[Dataset records]
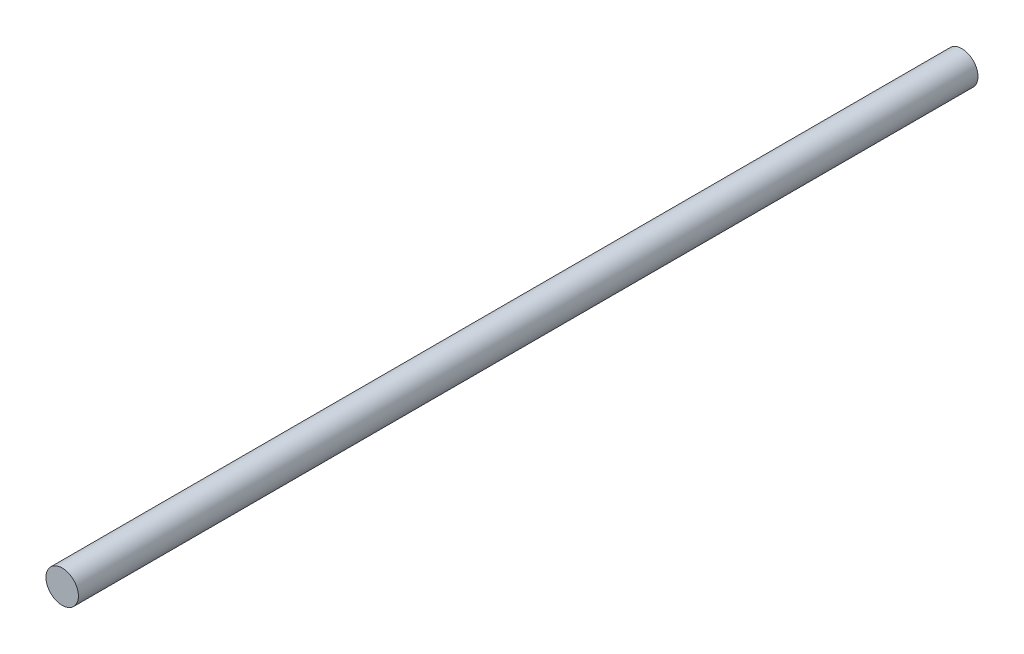
ISO-10303-21;
HEADER;
FILE_DESCRIPTION(('STEP AP214'),'2;1');
FILE_NAME('part.step','',(''),(''),'','','');
FILE_SCHEMA(('AUTOMOTIVE_DESIGN { 1 0 10303 214 1 1 1 1 }'));
ENDSEC;
DATA;
#1=APPLICATION_CONTEXT('core data for automotive mechanical design processes');
#2=APPLICATION_PROTOCOL_DEFINITION('international standard','automotive_design',2000,#1);
#3=PRODUCT_CONTEXT('',#1,'mechanical');
#4=PRODUCT('Part','Part','',(#3));
#5=PRODUCT_RELATED_PRODUCT_CATEGORY('part','',(#4));
#6=PRODUCT_DEFINITION_FORMATION('','',#4);
#7=PRODUCT_DEFINITION_CONTEXT('part definition',#1,'design');
#8=PRODUCT_DEFINITION('design','',#6,#7);
#9=PRODUCT_DEFINITION_SHAPE('','',#8);
#10=(LENGTH_UNIT() NAMED_UNIT(*) SI_UNIT(.MILLI.,.METRE.));
#11=(NAMED_UNIT(*) PLANE_ANGLE_UNIT() SI_UNIT($,.RADIAN.));
#12=(NAMED_UNIT(*) SI_UNIT($,.STERADIAN.) SOLID_ANGLE_UNIT());
#13=UNCERTAINTY_MEASURE_WITH_UNIT(LENGTH_MEASURE(1.E-05),#10,'distance_accuracy_value','');
#14=(GEOMETRIC_REPRESENTATION_CONTEXT(3) GLOBAL_UNCERTAINTY_ASSIGNED_CONTEXT((#13)) GLOBAL_UNIT_ASSIGNED_CONTEXT((#10,
#11,#12)) REPRESENTATION_CONTEXT('',''));
#15=CARTESIAN_POINT('',(0.,0.,0.));
#16=DIRECTION('',(0.,0.,1.));
#17=DIRECTION('',(1.,0.,0.));
#18=AXIS2_PLACEMENT_3D('',#15,#16,#17);
#19=CARTESIAN_POINT('',(0.,0.,277.5));
#20=DIRECTION('',(0.,0.,-1.));
#21=DIRECTION('',(-1.,0.,0.));
#22=AXIS2_PLACEMENT_3D('',#19,#20,#21);
#23=CYLINDRICAL_SURFACE('',#22,5.);
#24=CARTESIAN_POINT('',(0.,0.,277.5));
#25=DIRECTION('',(0.,0.,1.));
#26=DIRECTION('',(1.,0.,0.));
#27=AXIS2_PLACEMENT_3D('',#24,#25,#26);
#28=CIRCLE('',#27,5.);
#29=CARTESIAN_POINT('',(5.,0.,277.5));
#30=VERTEX_POINT('',#29);
#31=EDGE_CURVE('E10',#30,#30,#28,.T.);
#32=ORIENTED_EDGE('',*,*,#31,.F.);
#33=EDGE_LOOP('',(#32));
#34=FACE_BOUND('',#33,.T.);
#35=CARTESIAN_POINT('',(0.,0.,0.));
#36=DIRECTION('',(0.,0.,1.));
#37=DIRECTION('',(1.,0.,0.));
#38=AXIS2_PLACEMENT_3D('',#35,#36,#37);
#39=CIRCLE('',#38,5.);
#40=CARTESIAN_POINT('',(5.,0.,0.));
#41=VERTEX_POINT('',#40);
#42=EDGE_CURVE('E40',#41,#41,#39,.T.);
#43=ORIENTED_EDGE('',*,*,#42,.T.);
#44=EDGE_LOOP('',(#43));
#45=FACE_BOUND('',#44,.T.);
#46=ADVANCED_FACE('F37',(#34,#45),#23,.T.);
#47=CARTESIAN_POINT('',(0.,0.,277.5));
#48=DIRECTION('',(0.,0.,1.));
#49=DIRECTION('',(1.,0.,0.));
#50=AXIS2_PLACEMENT_3D('',#47,#48,#49);
#51=PLANE('',#50);
#52=ORIENTED_EDGE('',*,*,#31,.T.);
#53=EDGE_LOOP('',(#52));
#54=FACE_BOUND('',#53,.T.);
#55=ADVANCED_FACE('F54',(#54),#51,.T.);
#56=CARTESIAN_POINT('',(0.,0.,0.));
#57=DIRECTION('',(0.,0.,1.));
#58=DIRECTION('',(1.,0.,0.));
#59=AXIS2_PLACEMENT_3D('',#56,#57,#58);
#60=PLANE('',#59);
#61=ORIENTED_EDGE('',*,*,#42,.F.);
#62=EDGE_LOOP('',(#61));
#63=FACE_BOUND('',#62,.T.);
#64=ADVANCED_FACE('F52',(#63),#60,.F.);
#65=CLOSED_SHELL('',(#46,#55,#64));
#66=MANIFOLD_SOLID_BREP('B2',#65);
#67=ADVANCED_BREP_SHAPE_REPRESENTATION('',(#18,#66),#14);
#68=SHAPE_DEFINITION_REPRESENTATION(#9,#67);
ENDSEC;
END-ISO-10303-21;

> [Description of the task] Copy all of the data word for word, and keep the pictures out of it.

> [Reply to the task]
ISO-10303-21;
HEADER;
FILE_DESCRIPTION(('STEP AP214'),'2;1');
FILE_NAME('part.step','',(''),(''),'','','');
FILE_SCHEMA(('AUTOMOTIVE_DESIGN { 1 0 10303 214 1 1 1 1 }'));
ENDSEC;
DATA;
#1=APPLICATION_CONTEXT('core data for automotive mechanical design processes');
#2=APPLICATION_PROTOCOL_DEFINITION('international standard','automotive_design',2000,#1);
#3=PRODUCT_CONTEXT('',#1,'mechanical');
#4=PRODUCT('Part','Part','',(#3));
#5=PRODUCT_RELATED_PRODUCT_CATEGORY('part','',(#4));
#6=PRODUCT_DEFINITION_FORMATION('','',#4);
#7=PRODUCT_DEFINITION_CONTEXT('part definition',#1,'design');
#8=PRODUCT_DEFINITION('design','',#6,#7);
#9=PRODUCT_DEFINITION_SHAPE('','',#8);
#10=(LENGTH_UNIT() NAMED_UNIT(*) SI_UNIT(.MILLI.,.METRE.));
#11=(NAMED_UNIT(*) PLANE_ANGLE_UNIT() SI_UNIT($,.RADIAN.));
#12=(NAMED_UNIT(*) SI_UNIT($,.STERADIAN.) SOLID_ANGLE_UNIT());
#13=UNCERTAINTY_MEASURE_WITH_UNIT(LENGTH_MEASURE(1.E-05),#10,'distance_accuracy_value','');
#14=(GEOMETRIC_REPRESENTATION_CONTEXT(3) GLOBAL_UNCERTAINTY_ASSIGNED_CONTEXT((#13)) GLOBAL_UNIT_ASSIGNED_CONTEXT((#10,
#11,#12)) REPRESENTATION_CONTEXT('',''));
#15=CARTESIAN_POINT('',(0.,0.,0.));
#16=DIRECTION('',(0.,0.,1.));
#17=DIRECTION('',(1.,0.,0.));
#18=AXIS2_PLACEMENT_3D('',#15,#16,#17);
#19=CARTESIAN_POINT('',(0.,0.,277.5));
#20=DIRECTION('',(0.,0.,-1.));
#21=DIRECTION('',(-1.,0.,0.));
#22=AXIS2_PLACEMENT_3D('',#19,#20,#21);
#23=CYLINDRICAL_SURFACE('',#22,5.);
#24=CARTESIAN_POINT('',(0.,0.,277.5));
#25=DIRECTION('',(0.,0.,1.));
#26=DIRECTION('',(1.,0.,0.));
#27=AXIS2_PLACEMENT_3D('',#24,#25,#26);
#28=CIRCLE('',#27,5.);
#29=CARTESIAN_POINT('',(5.,0.,277.5));
#30=VERTEX_POINT('',#29);
#31=EDGE_CURVE('E10',#30,#30,#28,.T.);
#32=ORIENTED_EDGE('',*,*,#31,.F.);
#33=EDGE_LOOP('',(#32));
#34=FACE_BOUND('',#33,.T.);
#35=CARTESIAN_POINT('',(0.,0.,0.));
#36=DIRECTION('',(0.,0.,1.));
#37=DIRECTION('',(1.,0.,0.));
#38=AXIS2_PLACEMENT_3D('',#35,#36,#37);
#39=CIRCLE('',#38,5.);
#40=CARTESIAN_POINT('',(5.,0.,0.));
#41=VERTEX_POINT('',#40);
#42=EDGE_CURVE('E40',#41,#41,#39,.T.);
#43=ORIENTED_EDGE('',*,*,#42,.T.);
#44=EDGE_LOOP('',(#43));
#45=FACE_BOUND('',#44,.T.);
#46=ADVANCED_FACE('F37',(#34,#45),#23,.T.);
#47=CARTESIAN_POINT('',(0.,0.,277.5));
#48=DIRECTION('',(0.,0.,1.));
#49=DIRECTION('',(1.,0.,0.));
#50=AXIS2_PLACEMENT_3D('',#47,#48,#49);
#51=PLANE('',#50);
#52=ORIENTED_EDGE('',*,*,#31,.T.);
#53=EDGE_LOOP('',(#52));
#54=FACE_BOUND('',#53,.T.);
#55=ADVANCED_FACE('F54',(#54),#51,.T.);
#56=CARTESIAN_POINT('',(0.,0.,0.));
#57=DIRECTION('',(0.,0.,1.));
#58=DIRECTION('',(1.,0.,0.));
#59=AXIS2_PLACEMENT_3D('',#56,#57,#58);
#60=PLANE('',#59);
#61=ORIENTED_EDGE('',*,*,#42,.F.);
#62=EDGE_LOOP('',(#61));
#63=FACE_BOUND('',#62,.T.);
#64=ADVANCED_FACE('F52',(#63),#60,.F.);
#65=CLOSED_SHELL('',(#46,#55,#64));
#66=MANIFOLD_SOLID_BREP('B2',#65);
#67=ADVANCED_BREP_SHAPE_REPRESENTATION('',(#18,#66),#14);
#68=SHAPE_DEFINITION_REPRESENTATION(#9,#67);
ENDSEC;
END-ISO-10303-21;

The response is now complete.